CapabilityAgentAgentManagerWorkflowAgentApp
Single Task✅ Primary⚠️ Via step✅ Wraps
Multi-Agent✅ Primary✅ Via steps✅ Wraps
SequentialN/A✅ DefaultN/A
ParallelN/Aparallel()N/A
HierarchicalN/AN/A
Conditional⚠️ condition={}route(), when()N/A
Looping⚠️ loop_overloop()N/A
Repeat Untilrepeat()N/A
Web API✅ Primary
Functions as StepsN/A

When to Use What

1

Simple single task

Use Agent directly:
Agent(instructions="...").start("prompt")
2

Multi-agent with task delegation

Use AgentManager:
AgentManager(agents=[...], tasks=[...]).start()
3

Deterministic pipeline with patterns

Use Workflow:
Workflow(steps=[...]).run("input")
4

Production deployment

Wrap in AgentApp:
AgentApp(agents=[...]).serve(port=8000)

Shared Parameters

All orchestrators (AgentManager, Workflow) support identical feature parameters:
ParameterTypeDescription
memorybool / MemoryConfigEnable memory
planningbool / PlanningConfigPlanning mode
contextbool / ContextConfigContext management
outputstr / OutputConfigOutput settings
hooksHooksConfigLifecycle callbacks
autonomybool / AutonomyConfigAgent autonomy
knowledgebool / KnowledgeConfigRAG configuration
guardrailsbool / GuardrailConfigValidation
webbool / WebConfigWeb search
reflectionbool / ReflectionConfigSelf-reflection
cachingbool / CachingConfigCaching

Best Practices

Begin with a single Agent.
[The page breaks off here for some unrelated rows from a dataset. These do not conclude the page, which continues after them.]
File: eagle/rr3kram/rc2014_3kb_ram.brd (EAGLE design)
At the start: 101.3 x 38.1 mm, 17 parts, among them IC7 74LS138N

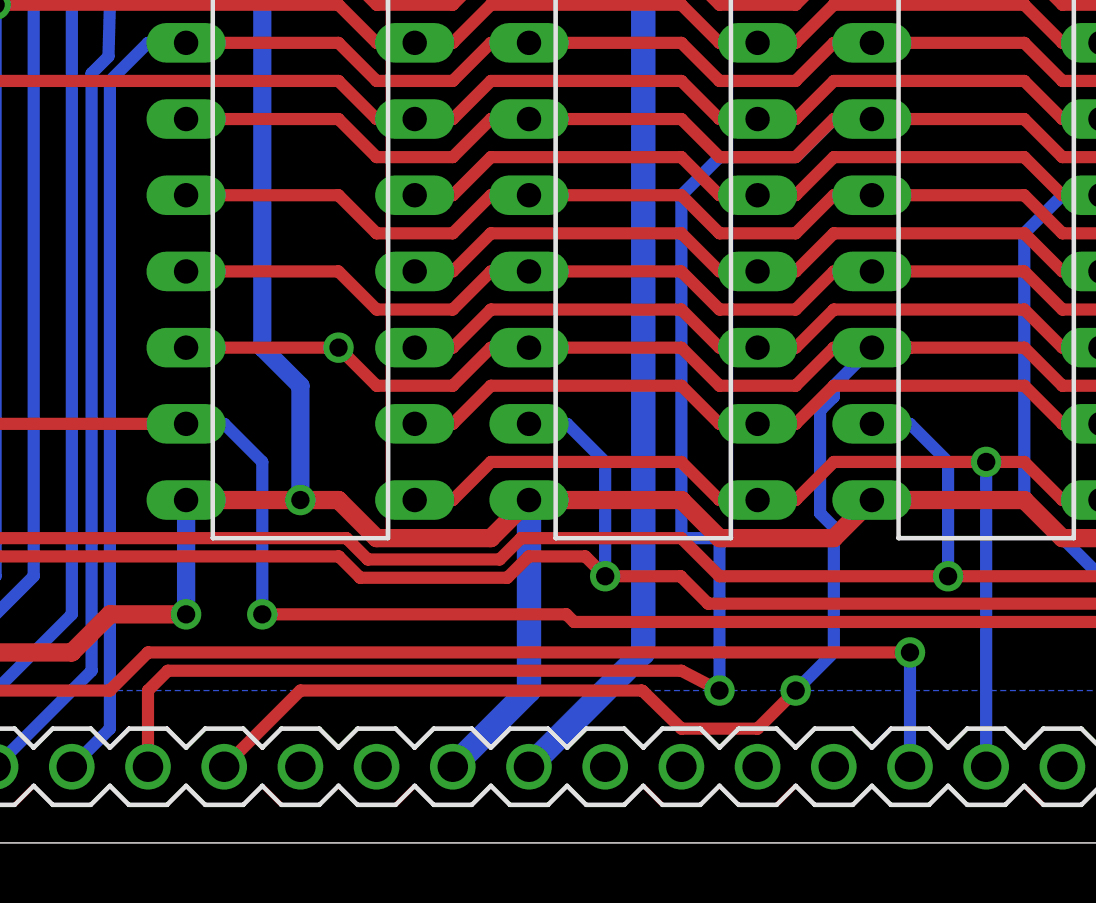
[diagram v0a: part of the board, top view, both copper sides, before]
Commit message: Fix missing A1, A0 lines
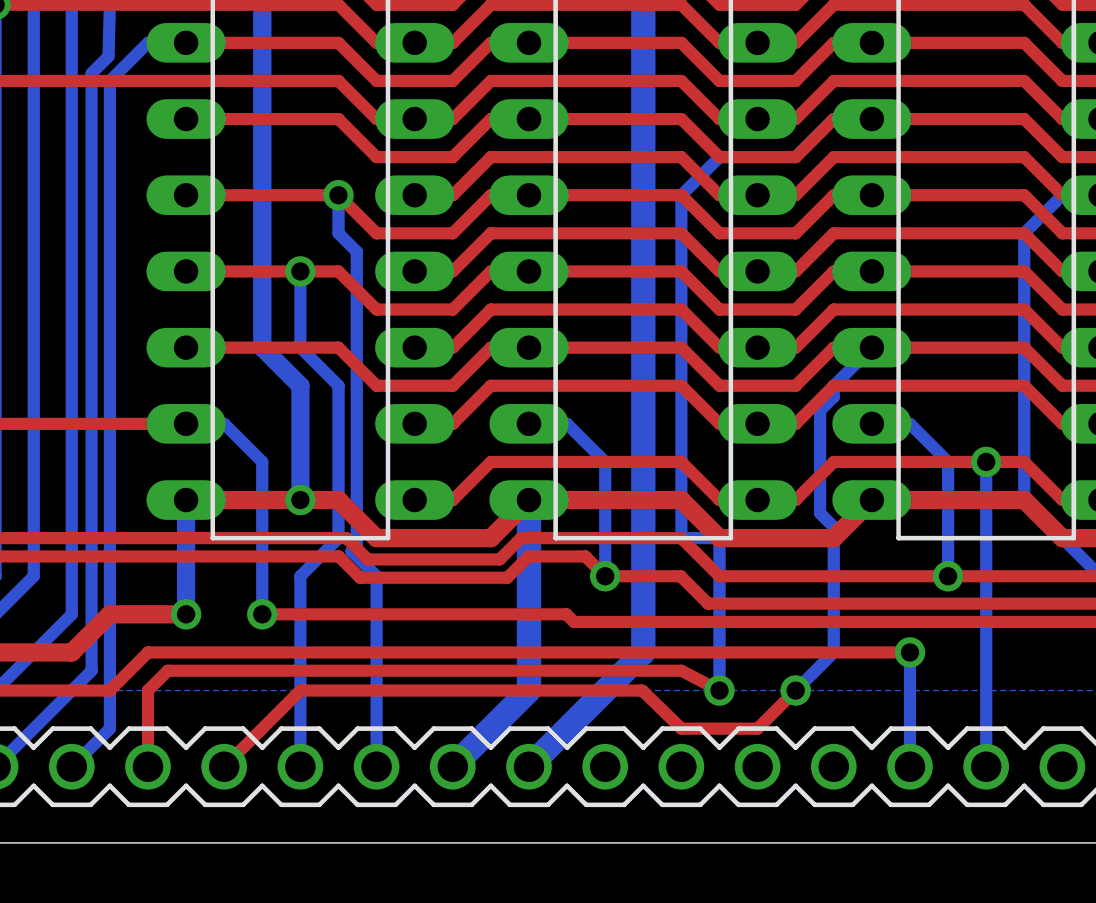
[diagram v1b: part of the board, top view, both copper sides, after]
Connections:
- net N$1 renamed /RD
- new net /INT: _PIN1.22
- new net /RST: _PIN1.20
- new net CLK: _PIN1.21
- net A0: now also _PIN1.16
- net A1: now also _PIN1.15
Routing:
- net A0: track 62.4 -> 82.1 mm, vias 0 -> 1
- net A1: track 62.4 -> 80.0 mm, vias 0 -> 1
- net A2: track 97.7 -> 96.4 mm, vias 2 -> 1
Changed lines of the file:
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@@
 <?xml version="1.0" encoding="utf-8"?>
 <!DOCTYPE eagle SYSTEM "eagle.dtd">
-<eagle version="8.1.0">
+<eagle version="8.1.1">
 <drawing>
 <settings>
@@
 <wire x1="87.63" y1="15.24" x2="88.9" y2="16.51" width="0.4064" layer="1"/>
 <wire x1="88.9" y1="16.51" x2="90.17" y2="16.51" width="0.4064" layer="1"/>
-<via x="38.1" y="16.51" extent="1-16" drill="0.6096"/>
 <via x="53.34" y="5.08" extent="1-16" drill="0.6096"/>
 <wire x1="55.88" y1="16.51" x2="54.61" y2="15.24" width="0.4064" layer="16"/>
@@
 <wire x1="50.8" y1="15.24" x2="53.34" y2="15.24" width="0.4064" layer="1"/>
 <wire x1="53.34" y1="15.24" x2="54.61" y2="16.51" width="0.4064" layer="1"/>
-<wire x1="54.61" y1="16.51" x2="57.15" y2="16.51" width="0.4064" layer="1"/>
+<wire x1="54.61" y1="16.51" x2="55.88" y2="16.51" width="0.4064" layer="1"/>
 </signal>
 <signal name="A1">
@@
 <contactref element="IC6" pad="6"/>
 <contactref element="IC3" pad="6"/>
-<wire x1="33.02" y1="19.05" x2="38.1" y2="19.05" width="0.4064" layer="1"/>
+<wire x1="33.02" y1="19.05" x2="36.83" y2="19.05" width="0.4064" layer="1"/>
+<wire x1="36.83" y1="19.05" x2="38.1" y2="19.05" width="0.4064" layer="1"/>
 <wire x1="38.1" y1="19.05" x2="39.37" y2="17.78" width="0.4064" layer="1"/>
 <wire x1="39.37" y1="17.78" x2="41.91" y2="17.78" width="0.4064" layer="1"/>
@@
 <wire x1="87.63" y1="17.78" x2="88.9" y2="19.05" width="0.4064" layer="1"/>
 <wire x1="88.9" y1="19.05" x2="90.17" y2="19.05" width="0.4064" layer="1"/>
+<contactref element="_PIN1" pad="15"/>
+<wire x1="36.83" y1="2.54" x2="36.83" y2="8.89" width="0.4064" layer="16"/>
+<wire x1="36.83" y1="8.89" x2="38.1" y2="10.16" width="0.4064" layer="16"/>
+<wire x1="38.1" y1="10.16" x2="38.1" y2="15.24" width="0.4064" layer="16"/>
+<wire x1="38.1" y1="15.24" x2="36.83" y2="16.51" width="0.4064" layer="16"/>
+<wire x1="36.83" y1="16.51" x2="36.83" y2="19.05" width="0.4064" layer="16"/>
+<via x="36.83" y="19.05" extent="1-16" drill="0.6096"/>
 </signal>
 <signal name="A0">
@@
 <wire x1="87.63" y1="20.32" x2="88.9" y2="21.59" width="0.4064" layer="1"/>
 <wire x1="88.9" y1="21.59" x2="90.17" y2="21.59" width="0.4064" layer="1"/>
-</signal>
-<signal name="/RST">
-</signal>
-<signal name="CLK">
-</signal>
-<signal name="/INT">
+<contactref element="_PIN1" pad="16"/>
+<wire x1="39.37" y1="2.54" x2="39.37" y2="8.89" width="0.4064" layer="16"/>
+<wire x1="39.37" y1="8.89" x2="38.531053125" y2="9.728946875" width="0.4064" layer="16"/>
+<wire x1="38.531053125" y1="9.728946875" x2="38.7096" y2="9.90749375" width="0.4064" layer="16"/>
+<wire x1="38.7096" y1="9.90749375" x2="38.7096" y2="19.7104" width="0.4064" layer="16"/>
+<wire x1="38.7096" y1="19.7104" x2="38.1" y2="20.32" width="0.4064" layer="16"/>
+<wire x1="38.1" y1="20.32" x2="38.1" y2="21.59" width="0.4064" layer="16"/>
+<via x="38.1" y="21.59" extent="1-16" drill="0.6096"/>
 </signal>
 <signal name="/MREQ">
@@
 <wire x1="20.32" y1="19.05" x2="19.05" y2="19.05" width="0.4064" layer="16"/>
 </signal>
-<signal name="N$1">
+<signal name="/RD">
 <contactref element="_PIN1" pad="25"/>
 </signal>
+<signal name="/RST">
+<contactref element="_PIN1" pad="20"/>
+</signal>
+<signal name="CLK">
+<contactref element="_PIN1" pad="21"/>
+</signal>
+<signal name="/INT">
+<contactref element="_PIN1" pad="22"/>
+</signal>
 </signals>

Only add orchestration when you need multiple agents or complex flows.
Don’t mix AgentManager and Workflow for the same task. Pick based on your mental model.
Even for single agents, AgentApp provides proper API structure, CORS, and health checks.
If you need guaranteed execution order, conditional branching, or loops, use Workflow.